一滴血顺着额角落下,落入了沈拂衣的眼中,让她视线都仿佛蒙上了一层猩红的光。
渡过雷劫以后,除了体内仍然在不断暴涨扩张的灵气以外,沈拂衣还感受到了这具身体的崩坏。
她的肌肤寸寸裂开,而体内的颜灵神果又让它寸寸愈合,如此反复不息,周停不止。
在这种不受控制的折磨中,沈拂衣仿佛第一次感受到了人群中的恐惧。
是对她的恐惧。
“她有古怪……”
“快……去禀告师尊长老他们……”
话音尚未落下,便听见“轰”的一声,一道六尺高的烈焰拔地而起。
宛若火笼般的火圈将这些没有来得及离开的人,全都圈禁在了其中。
丁玄寂震撼地望着那抹红色身影,脸上的神情变幻不断。
可他到底不是没有见过世面的人。
他咬牙冷哼道:“我本就是火系灵根,这点火焰又耐我何……”
他说着便要试着强行闯出,等孟津回过神来要阻止都已经来不及了。
下一刻,丁玄寂在所有人的眼皮底下直接被那火星燎上身,烧成了一截黑色的灰烬!
众人哗然。
“是、是红莲业火……”
在上古时期,世间有九种异火。
红莲业火位列第九,是为最末。
在所有异火中,它不过是掺入了些许神力的灵火,尤不稀奇。
可神早已消失,那火中烈烈加持的神力绝不可能是她本人!
“是她体内的颜灵神果……”
容霜霜几乎不可置信。
她曾经得到过颜灵神果,自然知晓它的厉害。
当初炼化它以后,容霜霜当场便获得了一副神仙骨。
可她从来没想过,它竟然还能这样用,它竟然也会认主……
空气中传来了一声微不可闻却又让他们任何人都无法忽视的叹息。
沈拂衣叹了口气。
她抬手抹去眼角的血,就像是抹出了一道殷红的眼影,在眼尾处显得分外妖异,艳得让人几乎不敢直视。
沈拂衣很累很累地张开了嘴。
她说:“今日……”
“你们一个都别想全身而退。
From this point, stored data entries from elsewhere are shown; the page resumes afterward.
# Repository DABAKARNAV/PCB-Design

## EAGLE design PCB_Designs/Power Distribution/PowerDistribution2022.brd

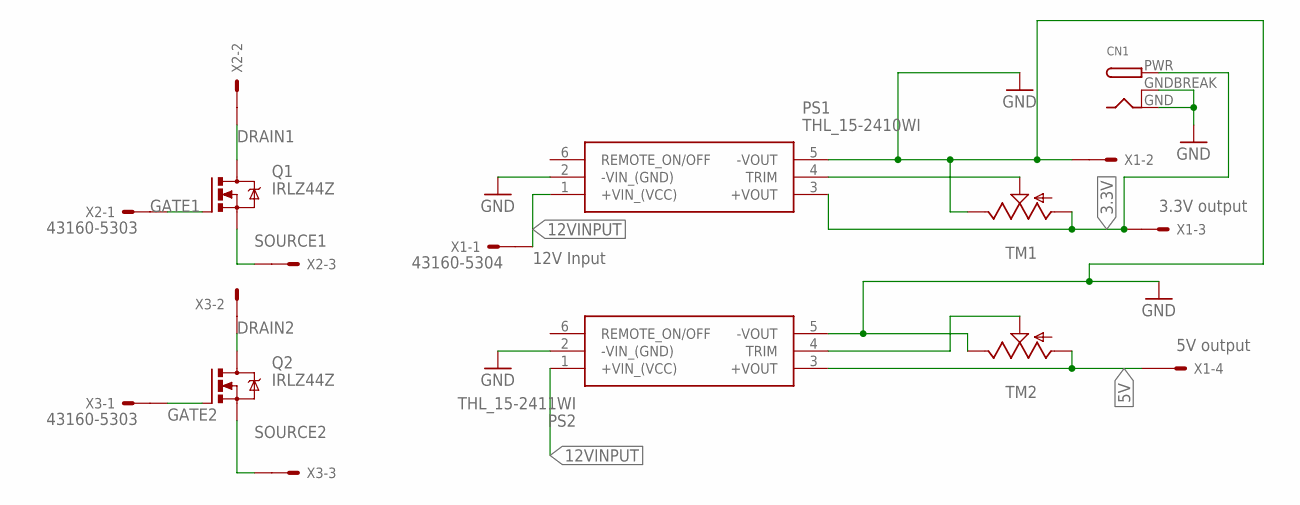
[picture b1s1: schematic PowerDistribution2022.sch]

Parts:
CN1: DCBARRELPTH; DCJACK_2MM_PTH
PS1: THL_15-2410WI; THL152410WI
PS2: THL_15-2411WI; THL152411WI
Q1, Q2: IRLZ44Z; TO220BH
TM1, TM2: TRIM; 6MM
X1: 43160-5304; 43160-XX04
X2, X3: 43160-5303; 43160-XX03

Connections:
3.3V: CN1.PWR, PS1.3 (+VOUT), TM1.A, X1.3@1
5V: PS2.3 (+VOUT), TM2.A, X1.4@1
12VINPUT: PS1.1 (+VIN_(VCC)), PS2.1 (+VIN_(VCC)), X1.1@1
DRAIN1: Q1.D, X2.2@1
DRAIN2: Q2.D, X3.2@1
GATE1: Q1.G, X2.1@1
GATE2: Q2.G, X3.1@1
GND: CN1.GND, CN1.GNDBREAK, PS1.2 (-VIN_(GND)), PS1.5 (-VOUT), PS2.2 (-VIN_(GND)), PS2.5 (-VOUT), TM1.E, TM2.E, X1.2@1
unnamed: PS1.4 (TRIM), TM1.S
unnamed: PS2.4 (TRIM), TM2.S
SOURCE1: Q1.S, X2.3@1
SOURCE2: Q2.S, X3.3@1

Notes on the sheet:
12V Input
5V output
3.3V output

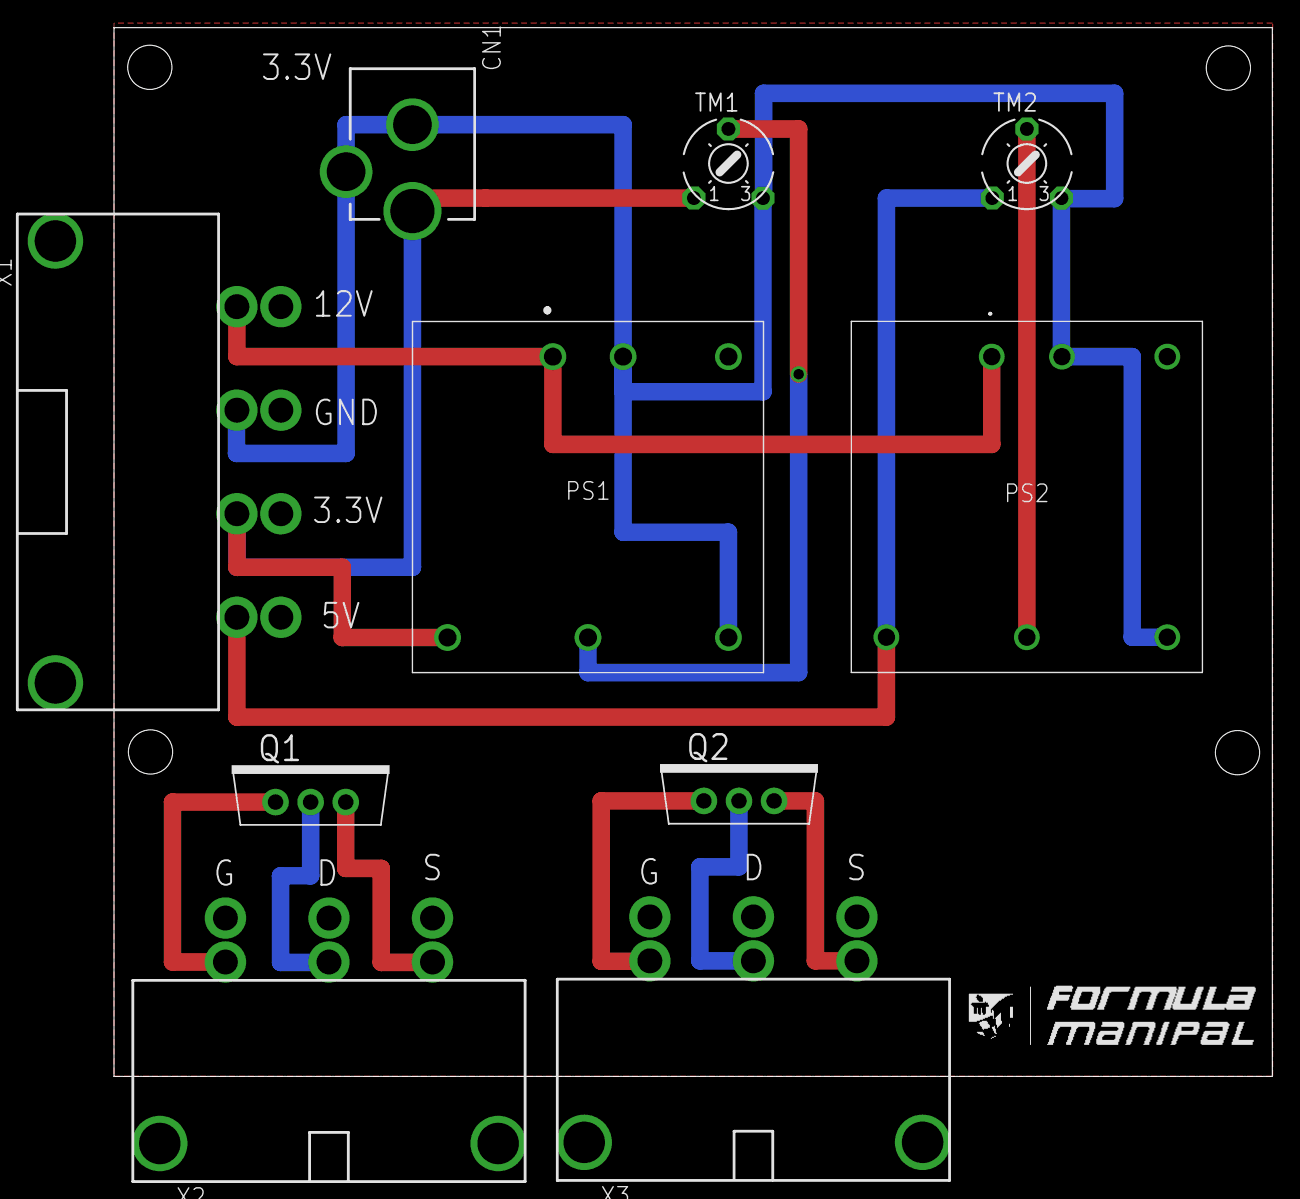
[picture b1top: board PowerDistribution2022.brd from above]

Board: 2 copper layers, 83.8 x 75.9 mm, 10 parts (0 on the bottom side), 12 nets.

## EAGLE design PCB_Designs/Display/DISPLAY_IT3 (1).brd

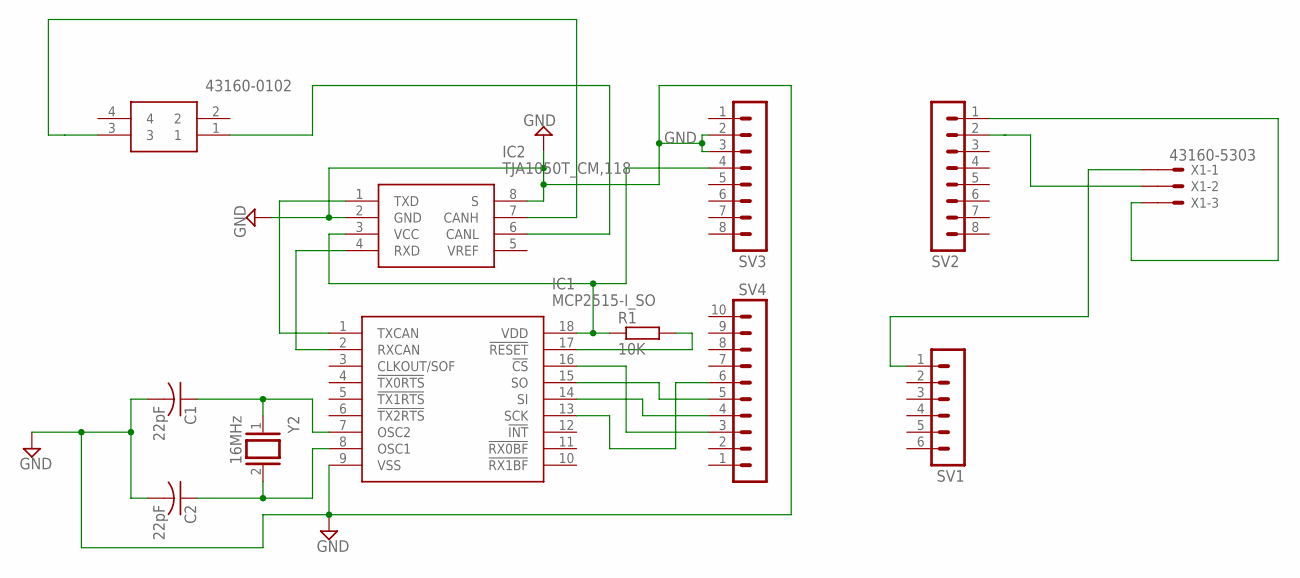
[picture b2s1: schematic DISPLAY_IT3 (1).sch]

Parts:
C1, C2: 22pF; C025-024X044
DIFF_N: 43160-0102; 431600102
IC1: MCP2515-I_SO; SOIC127P1030X265-18N
IC2: TJA1050T_CM,118; SOIC127P600X175-8N
R1: 10K; 0204/7
SV1: MA06-1
SV2, SV3: MA08-1
SV4: MA10-1
X1: 43160-5303; 43160-XX03
Y2: 16MHz; QS

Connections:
DIFF1_N: C2.1, IC1.8 (OSC1), Y2.2
DIFF1_P: C1.1, IC1.7 (OSC2), Y2.1
DIFF_N: DIFF_N.1, IC2.6 (CANL)
DIFF_P: DIFF_N.3, IC2.7 (CANH)
GND: C1.2, C2.2, IC1.9 (VSS), IC2.2 (GND), IC2.8 (S), SV3.2, SV3.3
unnamed: IC1.15 (SO), SV4.5
unnamed: SV2.1, X1.3@1
unnamed: IC1.1 (TXCAN), IC2.1 (TXD)
unnamed: IC1.2 (RXCAN), IC2.4 (RXD)
unnamed: IC1.16 (!CS), SV4.3
unnamed: IC1.14 (SI), SV4.4
unnamed: SV1.1, X1.1@1
unnamed: IC1.13 (SCK), SV4.6
unnamed: IC1.17 (!RESET), R1.2
unnamed: SV2.2, X1.2@1
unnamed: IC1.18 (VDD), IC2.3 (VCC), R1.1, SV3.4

”
……
幽冥府中。
一袭黑袍的薄意卿肆意地行走在会腐蚀灵魂的忘川里。
他走走停停,比这里的游魂野鬼还要更像是游魂野鬼。
聪明的鬼在他八尺外就避之不及地逃跑。
偶尔也会遇到那么几个没脑子的,像苍蝇一样被他随手捏碎,抛尸于忘川。
落在其他鬼魂眼里,惊悚无比,比见鬼都还要可怕!
很快,鬼鬼相传,所有鬼都知晓,幽冥里来了一个恐怖的男人,会手撕鬼……
薄意卿就像捏拼图一样,浸泡在忘川的指尖时不时便吸附而来一点碎片,让他渐渐拼凑出了一个完整的魂体。
这个灵魂不是旁人,正是死去多时的原主沈拂衣。
她仍旧保持着死时的模样,外貌可以说,和现在的沈拂衣简直判若两人。
这个沈拂衣鬼看起来是连续好几世都作恶多端,碎裂在忘川的魂体久而久之会投胎变成一些没有神智的苍蝇蚊虫,不知要历经多少世才能重新拼凑出一副人体投胎做人……
现在有人将她直接拼凑了起来。
她却颤抖个不停,声音也扭曲得不行。
薄意卿掀起眼皮瞥了她一眼。
但很快,当感应到沈拂衣体内鳞片封印被毁的那瞬间,男人脸上的漫不经心便渐渐凝固了一瞬。
薄意卿很自信自己落下的封印任何人都是解不开的。
但他走的时候,却忘了把另一种情况算入了其中。
任何人都无法破开这道封印,除了他……
还有沈拂衣她自己。
那瞬间,薄意卿的动作慢慢顿住。
他捏着手中的拼凑近乎完整的魂体,脸上几乎看不出什么情绪。
只是下一刻,他突然把这具魂体又重新寸寸捏碎。
那冰冷眼底浮起的戾色落入其他鬼的眼中堪比鬼界阎罗。
转瞬间毁去一个付出不小代价成品的举动,任性的程度竟丝毫不亚于一个熊孩子。
那魂体只吐出个“她是”两字出来,余下的话都来不及说,又重新化为碎片坠入了忘川。
路过这里见证了抛尸现场的鬼顿时鬼脸发青跑得飞快……
薄意卿面无表情地擦去了指尖的残留痕迹。
仔细想想,她是个什么东西变的其实对他来说也并没有那么重要。
重要的是,她竟然敢不经过他的允许就破开他的封印,跑去作死。